Suggestion - when you point it roughly at the SCP, does a goto command (say rigel Kent) get remotely near the target? If it goes off somewhere random, it's likely a gps location issue. If it goes to where it was/will be (somewhere in the arc around the SCP), more likely be a time/date issue. If it gets it pretty close, but won't track, I'd look at the tracking rates/basic setup.
Here's the Idiots Guide aka "SYNSCAN for beginners":
1. Forgetting to level the tripod (D'uh).
2. Forgetting to set the mount with the RA axis aimed roughly at the pole (using a compass).
3. Forgetting to align the mount to +/- 0.5 degree with the pole (using dec circle or drift method).
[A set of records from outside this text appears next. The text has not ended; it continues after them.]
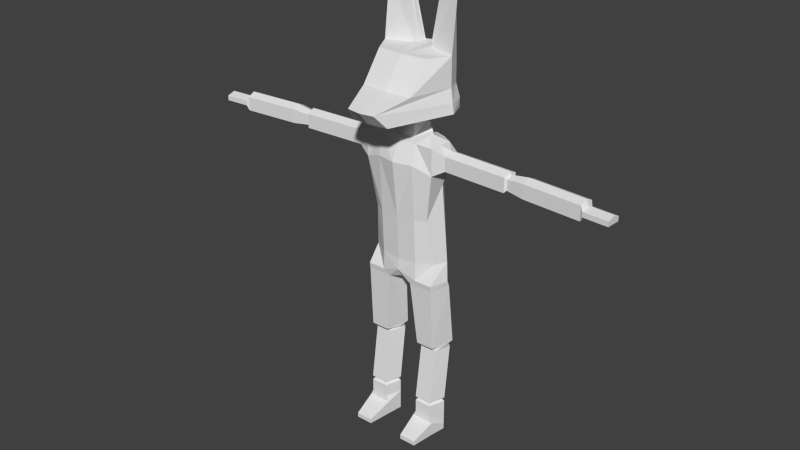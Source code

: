 # Source: DesertRabbit.blend  (saved by Blender 2.78.0; exported with 4.5.12 LTS)
import bpy
from mathutils import Matrix  # noqa: F401  (used for matrix-valued properties, if any)

bpy.ops.wm.read_factory_settings(use_empty=True)
scene = bpy.context.scene
scene.name = 'Scene'

# ---- collections
col_collection_1 = bpy.data.collections.new('Collection 1'); scene.collection.children.link(col_collection_1)

# ---- world
world_world = bpy.data.worlds.new('World'); scene.world = world_world
world_world.color = (0.05088, 0.05088, 0.05088)
world_world.use_sun_shadow = False
world_world.sun_shadow_jitter_overblur = 0.0
world_world.cycles.sampling_method = 'NONE'
world_world.cycles.sample_map_resolution = 256

# ---- meshes
me_cylinder = bpy.data.meshes.new('Cylinder')
me_cylinder.from_pydata([(0.8963, 0.4726, -0.4726), (0.8963, 0.4726, -0.02831), (1.346, 0.146, -0.4726), (1.346, 0.146, -0.02831), (1.263, -0.3824, -0.2276), (1.174, -0.3824, -0.02831), (0.5204, -0.3824, -0.2276), (0.6185, -0.3824, -0.02831), (0.4468, 0.146, -0.4726), (0.4468, 0.146, -0.02831), (0.8963, 0.4726, -0.6788), (1.346, 0.146, -0.6788), (1.263, -0.3824, -0.6788), (0.5204, -0.3824, -0.6788), (0.4468, 0.146, -0.6788), (1.174, -1.153, -0.527), (0.6185, -1.153, -0.527), (1.174, -1.153, -0.6788), (0.6185, -1.153, -0.6788), (1.346, 0.146, 0.3911), (0.8963, 0.4726, 0.3911), (1.174, -0.3824, 0.3911), (0.6185, -0.3824, 0.3911), (0.4468, 0.146, 0.3911), (1.246, 0.1137, 0.4539), (0.8963, 0.3679, 0.4539), (1.113, -0.2977, 0.4539), (0.68, -0.2977, 0.4539), (0.5463, 0.1137, 0.4539), (1.349, 0.147, 0.5303), (0.8963, 0.4758, 0.5303), (1.176, -0.3849, 0.5303), (0.6166, -0.3849, 0.5303), (0.4438, 0.147, 0.5303), (1.349, 0.3707, 2.351), (0.8963, 0.7404, 2.351), (1.176, -0.1292, 2.351), (0.6166, -0.1292, 2.351), (0.4438, 0.3707, 2.351), (1.296, 0.1298, 2.444), (0.8963, 0.4201, 2.444), (1.143, -0.08413, 2.444), (0.6494, -0.08413, 2.444), (0.4968, 0.1298, 2.444), (1.366, 0.4801, 2.528), (0.8963, 0.8212, 2.528), (1.186, -0.3261, 2.528), (0.6061, -0.3261, 2.528), (0.4268, 0.4801, 2.528), (1.366, 0.2336, 4.594), (0.6897, 0.5748, 4.594), (1.186, -0.4296, 4.594), (0.3996, -0.4296, 4.594), (0.2202, 0.1526, 4.594), (1.366, 0.1526, 4.776), (0.8963, 0.6273, 4.776), (1.186, -0.4575, 4.776), (0.6061, -0.4575, 4.776), (1.115, 0.1526, 7.891), (1.276, 0.2376, 5.375), (0.8963, 0.5787, 5.375), (1.097, -0.1437, 5.375), (0.6061, -0.4505, 5.375), (0.8963, 0.4937, 7.891), (0.9362, -0.3432, 6.821), (0.6061, -0.5229, 6.821), (1.218, 0.306, 9.226), (1.218, 0.306, 8.381), (0.8963, 0.4937, 8.604), (1.186, -0.4733, 8.381), (0.6061, -0.637, 8.604), (0.8963, 0.4937, 9.226), (1.186, -0.4733, 9.226), (0.6061, -0.4571, 9.226), (0.5141, 0.2068, 9.731), (1.202, -0.09531, 8.381), (1.186, -0.4733, 8.832), (1.202, -0.09531, 9.226), (1.218, 0.306, 8.832), (1.587, -0.103, 8.604), (1.603, 0.1449, 8.604), (1.571, -0.3509, 8.832), (1.571, -0.3509, 9.061), (1.587, -0.103, 9.175), (1.603, 0.1449, 9.061), (1.603, 0.1449, 8.832), (1.571, -0.3509, 8.604), (3.643, -0.1862, 8.604), (3.659, 0.06167, 8.604), (3.627, -0.434, 8.832), (3.627, -0.434, 9.061), (3.643, -0.1862, 9.175), (3.659, 0.06167, 9.061), (3.659, 0.06167, 8.832), (3.627, -0.434, 8.604), (3.699, -0.01405, 8.836), (3.699, -0.01405, 8.672), (3.687, -0.1928, 9.083), (3.699, -0.01405, 9.001), (3.676, -0.3715, 8.836), (3.676, -0.3715, 9.001), (3.687, -0.1928, 8.672), (3.676, -0.3715, 8.672), (4.277, 0.04439, 8.833), (4.277, 0.04439, 8.61), (4.261, -0.1974, 9.167), (4.277, 0.04439, 9.055), (4.245, -0.4393, 8.833), (4.245, -0.4393, 9.055), (4.261, -0.1974, 8.61), (4.245, -0.4393, 8.61), (6.122, -0.09326, 8.833), (6.122, -0.09326, 8.61), (6.106, -0.3351, 9.167), (6.122, -0.09326, 9.055), (6.091, -0.5769, 8.833), (6.091, -0.5769, 9.055), (6.106, -0.3351, 8.61), (6.091, -0.5769, 8.61), (6.19, -0.1627, 8.836), (6.19, -0.1627, 8.765), (6.178, -0.3397, 9.0), (6.19, -0.1627, 8.918), (6.167, -0.6129, 8.836), (6.167, -0.6129, 8.918), (6.178, -0.3397, 8.765), (6.167, -0.6129, 8.765), (6.985, -0.214, 8.836), (6.985, -0.214, 8.765), (6.974, -0.391, 9.0), (6.985, -0.214, 8.918), (6.962, -0.6642, 8.836), (6.962, -0.6642, 8.918), (6.974, -0.391, 8.765), (6.962, -0.6642, 8.765), (0.8203, 0.06794, 9.41), (0.4542, 0.531, 9.27), (0.8149, -0.01634, 9.41), (0.3185, -0.1934, 9.27), (0.8094, -0.1006, 9.41), (0.7477, 0.1347, 9.497), (0.3185, -0.1486, 9.731), (0.4542, 0.3579, 9.731), (1.357, 0.2885, 10.08), (0.6336, -1.721, 10.08), (1.135, 0.8472, 10.08), (1.312, 0.2885, 10.39), (0.4615, -2.083, 10.5), (1.135, 0.8472, 10.39), (1.204, 0.3493, 10.81), (0.8428, -0.998, 10.81), (1.023, 0.8056, 10.81), (1.204, 0.3493, 11.73), (0.8428, -0.3156, 11.73), (1.023, 0.8056, 11.33), (1.113, 0.5775, 11.33), (0.2324, 0.9921, 11.78), (0.3228, 0.5358, 11.78), (0.2776, 0.7639, 11.78), (1.113, 0.64, 13.58), (1.204, 0.5649, 13.58), (0.6018, 0.6263, 13.58), (1.023, 0.7151, 13.58), (0.5113, 0.7765, 13.58), (0.5565, 0.7014, 13.58), (0.4481, 0.7665, 4.922), (0.4481, 0.7181, 5.375), (0.8963, 0.603, 5.076), (0.4481, 0.7423, 5.149), (0.2247, 1.133, 5.616), (0.2247, 1.111, 5.818), (0.2247, 1.122, 5.717), (-0.8963, 0.4726, -0.4726), (-0.8963, 0.4726, -0.02831), (-1.346, 0.146, -0.4726), (-1.346, 0.146, -0.02831), (-1.263, -0.3824, -0.2276), (-1.174, -0.3824, -0.02831), (-0.5204, -0.3824, -0.2276), (-0.6185, -0.3824, -0.02831), (-0.4468, 0.146, -0.4726), (-0.4468, 0.146, -0.02831), (-0.8963, 0.4726, -0.6788), (-1.346, 0.146, -0.6788), (-1.263, -0.3824, -0.6788), (-0.5204, -0.3824, -0.6788), (-0.4468, 0.146, -0.6788), (-1.174, -1.153, -0.527), (-0.6185, -1.153, -0.527), (-1.174, -1.153, -0.6788), (-0.6185, -1.153, -0.6788), (-1.346, 0.146, 0.3911), (-0.8963, 0.4726, 0.3911), (-1.174, -0.3824, 0.3911), (-0.6185, -0.3824, 0.3911), (-0.4468, 0.146, 0.3911), (-1.246, 0.1137, 0.4539), (-0.8963, 0.3679, 0.4539), (-1.113, -0.2977, 0.4539), (-0.68, -0.2977, 0.4539), (-0.5463, 0.1137, 0.4539), (-1.349, 0.147, 0.5303), (-0.8963, 0.4758, 0.5303), (-1.176, -0.3849, 0.5303), (-0.6166, -0.3849, 0.5303), (-0.4438, 0.147, 0.5303), (-1.349, 0.3707, 2.351), (-0.8963, 0.7404, 2.351), (-1.176, -0.1292, 2.351), (-0.6166, -0.1292, 2.351), (-0.4438, 0.3707, 2.351), (-1.296, 0.1298, 2.444), (-0.8963, 0.4201, 2.444), (-1.143, -0.08413, 2.444), (-0.6494, -0.08413, 2.444), (-0.4968, 0.1298, 2.444), (-1.366, 0.4801, 2.528), (-0.8963, 0.8212, 2.528), (-1.186, -0.3261, 2.528), (-0.6061, -0.3261, 2.528), (-0.4268, 0.4801, 2.528), (-1.366, 0.2336, 4.594), (-0.6897, 0.5748, 4.594), (-1.186, -0.4296, 4.594), (-0.3996, -0.4296, 4.594), (-0.2202, 0.1526, 4.594), (-1.366, 0.1526, 4.776), (-0.8963, 0.6273, 4.776), (-1.186, -0.4575, 4.776), (-0.6061, -0.4575, 4.776), (-1.115, 0.1526, 7.891), (0.0, 0.4314, 4.706), (0.0, -0.341, 4.706), (0.0, 0.7725, 4.787), (0.0, 0.4314, 4.776), (0.0, -0.5252, 4.995), (0.0, 0.9057, 5.068), (-1.276, 0.2376, 5.375), (-0.8963, 0.5787, 5.375), (-1.097, -0.1437, 5.375), (-0.6061, -0.4505, 5.375), (0.0, 0.4314, 5.375), (0.0, -0.4956, 5.375), (0.0, 0.8575, 5.595), (-0.8963, 0.4937, 7.891), (-0.9362, -0.3432, 6.821), (-0.6061, -0.5229, 6.821), (-1.218, 0.306, 9.226), (0.0, 0.4314, 6.821), (0.0, -0.568, 6.821), (0.0, 0.7544, 6.821), (-1.218, 0.306, 8.381), (-0.8963, 0.4937, 8.604), (-1.186, -0.4733, 8.381), (-0.6061, -0.637, 8.604), (0.0, 0.4314, 8.604), (0.0, -0.7692, 8.604), (0.0, 0.7544, 8.604), (-0.8963, 0.4937, 9.226), (-1.186, -0.4733, 9.226), (-0.6061, -0.4571, 9.226), (-0.5141, 0.2068, 9.731), (0.0, 0.4314, 9.226), (0.0, -0.5109, 9.226), (0.0, 0.7725, 9.226), (-1.202, -0.09531, 8.381), (-1.186, -0.4733, 8.832), (-1.202, -0.09531, 9.226), (-1.218, 0.306, 8.832), (-1.587, -0.103, 8.604), (-1.603, 0.1449, 8.604), (-1.571, -0.3509, 8.832), (-1.571, -0.3509, 9.061), (-1.587, -0.103, 9.175), (-1.603, 0.1449, 9.061), (-1.603, 0.1449, 8.832), (-1.571, -0.3509, 8.604), (-3.643, -0.1862, 8.604), (-3.659, 0.06167, 8.604), (-3.627, -0.434, 8.832), (-3.627, -0.434, 9.061), (-3.643, -0.1862, 9.175), (-3.659, 0.06167, 9.061), (-3.659, 0.06167, 8.832), (-3.627, -0.434, 8.604), (-3.699, -0.01405, 8.836), (-3.699, -0.01405, 8.672), (-3.687, -0.1928, 9.083), (-3.699, -0.01405, 9.001), (-3.676, -0.3715, 8.836), (-3.676, -0.3715, 9.001), (-3.687, -0.1928, 8.672), (-3.676, -0.3715, 8.672), (-4.277, 0.04439, 8.833), (-4.277, 0.04439, 8.61), (-4.261, -0.1974, 9.167), (-4.277, 0.04439, 9.055), (-4.245, -0.4393, 8.833), (-4.245, -0.4393, 9.055), (-4.261, -0.1974, 8.61), (-4.245, -0.4393, 8.61), (-6.122, -0.09326, 8.833), (-6.122, -0.09326, 8.61), (-6.106, -0.3351, 9.167), (-6.122, -0.09326, 9.055), (-6.091, -0.5769, 8.833), (-6.091, -0.5769, 9.055), (-6.106, -0.3351, 8.61), (-6.091, -0.5769, 8.61), (-6.19, -0.1627, 8.836), (-6.19, -0.1627, 8.765), (-6.178, -0.3397, 9.0), (-6.19, -0.1627, 8.918), (-6.167, -0.6129, 8.836), (-6.167, -0.6129, 8.918), (-6.178, -0.3397, 8.765), (-6.167, -0.6129, 8.765), (-6.985, -0.214, 8.836), (-6.985, -0.214, 8.765), (-6.974, -0.391, 9.0), (-6.985, -0.214, 8.918), (-6.962, -0.6642, 8.836), (-6.962, -0.6642, 8.918), (-6.974, -0.391, 8.765), (-6.962, -0.6642, 8.765), (-0.8203, 0.06794, 9.41), (-0.4542, 0.531, 9.27), (-0.8149, -0.01634, 9.41), (-0.3185, -0.1934, 9.27), (-0.8094, -0.1006, 9.41), (-0.7477, 0.1347, 9.497), (0.0, 0.1627, 9.41), (-1.043e-08, -0.2691, 9.27), (-1.043e-08, 0.7358, 9.27), (-0.3185, -0.1486, 9.731), (-0.4542, 0.3579, 9.731), (0.0, 0.1627, 9.764), (-1.043e-08, -0.1686, 9.731), (-1.043e-08, 0.4814, 9.731), (-1.357, 0.2885, 10.08), (-0.6336, -1.721, 10.08), (-1.135, 0.8472, 10.08), (0.0, 0.4812, 10.03), (-1.043e-08, -1.794, 10.08), (-1.043e-08, 1.304, 10.08), (-1.312, 0.2885, 10.39), (-0.4615, -2.083, 10.5), (-1.135, 0.8472, 10.39), (0.0, 0.4812, 10.27), (-1.043e-08, -2.157, 10.5), (-1.043e-08, 1.304, 10.39), (-1.204, 0.3493, 10.81), (-0.8428, -0.998, 10.81), (-1.023, 0.8056, 10.81), (0.0, 0.4637, 10.59), (-1.043e-08, -1.058, 10.81), (-1.043e-08, 1.179, 10.81), (-1.204, 0.3493, 11.73), (-0.8428, -0.3156, 11.73), (-1.023, 0.8056, 11.33), (-1.043e-08, 0.7223, 11.75), (-1.043e-08, -0.3759, 11.73), (-1.043e-08, 1.179, 11.75), (-1.113, 0.5775, 11.33), (-1.043e-08, 0.9504, 11.75), (-0.2324, 0.9921, 11.78), (-0.3228, 0.5358, 11.78), (-0.2776, 0.7639, 11.78), (-1.113, 0.64, 13.58), (-1.204, 0.5649, 13.58), (-0.6018, 0.6263, 13.58), (-1.023, 0.7151, 13.58), (-0.5113, 0.7765, 13.58), (-0.5565, 0.7014, 13.58), (-0.4481, 0.7665, 4.922), (-0.4481, 0.7181, 5.375), (0.0, 0.8816, 5.221), (-0.8963, 0.603, 5.076), (-0.4481, 0.7423, 5.149), (-0.2247, 1.133, 5.616), (0.0, 1.195, 5.681), (-0.2247, 1.111, 5.818), (0.0, 1.174, 5.818), (0.0, 1.184, 5.75), (-0.2247, 1.122, 5.717)], [], [(0, 1, 3, 2), (2, 3, 5, 4), (4, 5, 7, 6), (5, 3, 19, 21), (8, 9, 1, 0), (6, 7, 9, 8), (6, 8, 14, 13), (10, 11, 12, 13, 14), (2, 4, 12, 11), (8, 0, 10, 14), (0, 2, 11, 10), (6, 13, 18, 16), (15, 16, 18, 17), (13, 12, 17, 18), (12, 4, 15, 17), (4, 6, 16, 15), (23, 22, 27, 28), (1, 9, 23, 20), (3, 1, 20, 19), (7, 5, 21, 22), (9, 7, 22, 23), (25, 28, 33, 30), (21, 19, 24, 26), (20, 23, 28, 25), (22, 21, 26, 27), (19, 20, 25, 24), (33, 32, 37, 38), (27, 26, 31, 32), (24, 25, 30, 29), (28, 27, 32, 33), (26, 24, 29, 31), (35, 38, 43, 40), (31, 29, 34, 36), (30, 33, 38, 35), (32, 31, 36, 37), (29, 30, 35, 34), (43, 42, 47, 48), (37, 36, 41, 42), (34, 35, 40, 39), (38, 37, 42, 43), (36, 34, 39, 41), (45, 48, 53, 50), (41, 39, 44, 46), (40, 43, 48, 45), (42, 41, 46, 47), (39, 40, 45, 44), (49, 50, 55, 54), (47, 46, 51, 52), (44, 45, 50, 49), (48, 47, 52, 53), (46, 44, 49, 51), (51, 49, 54, 56), (53, 52, 232, 231), (52, 51, 56, 57), (52, 57, 235, 232), (55, 50, 233, 236, 165), (50, 53, 231, 233), (56, 54, 59, 61), (62, 61, 64, 65), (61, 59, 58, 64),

4. Forgetting to put the scope in the PARK position before power-up the handset (and you wonder why it slews 90 degrees off, or into the ground...)
5. Forgetting to clamp the axes before commencing the SYNSCAN alignment routine.
6. "Fat finger" or ID=10T errors when configuring the SYNSCAN handset - eg setting the latitude to N when it should be S, timezone to being - 10h instead of +10h, daylight saving on/off.
All of the above play havoc. Only solution is to redo all the steps.
Symptoms:
A. If all works more-or-less but GOTO are consistently off by a degree or so in some direction, redo steps 1, 2, 3, and check the clutches are firm. If the clutches are locked and you're sure the rest was OK, use the PAE function to force a correction in particular areas of the sky, or redo from scratch.
B. if the result is an objects consistently drift in dec, and GOTOs are off be a few degrees, you missed steps 2 or 3.
B. During the SYNSCAN alignment, if the first slew to a target is way off target (ie >10 degrees, possibly 90 degrees or more) you have probably missed steps 4 or 5 or you have committed sin #6.. = power off and redo from scratch.
C. Failing to clamp the axes is fatal. This results in wacky results - some GOTO's will be close, some will be waaaay off. Power off and redo from scratch.
D. Slipping RA clutch - when clamped, push the scope in RA and it slips. As alluded to recently, if you are using an AZEQ6 the RA clutch can slip - no matter how tight the handle is pushed - when the clutch material has compressed with use. A temporary fix is to balance your scope so it doesn't slip when clamped. But a more permanent fix may require maintenance - ie disassembly - to fix the clutch.
I think this is good advice regardless of the mount. I am having goto issues with my CGX which I hope to rectify using these tips and others in the post I raised.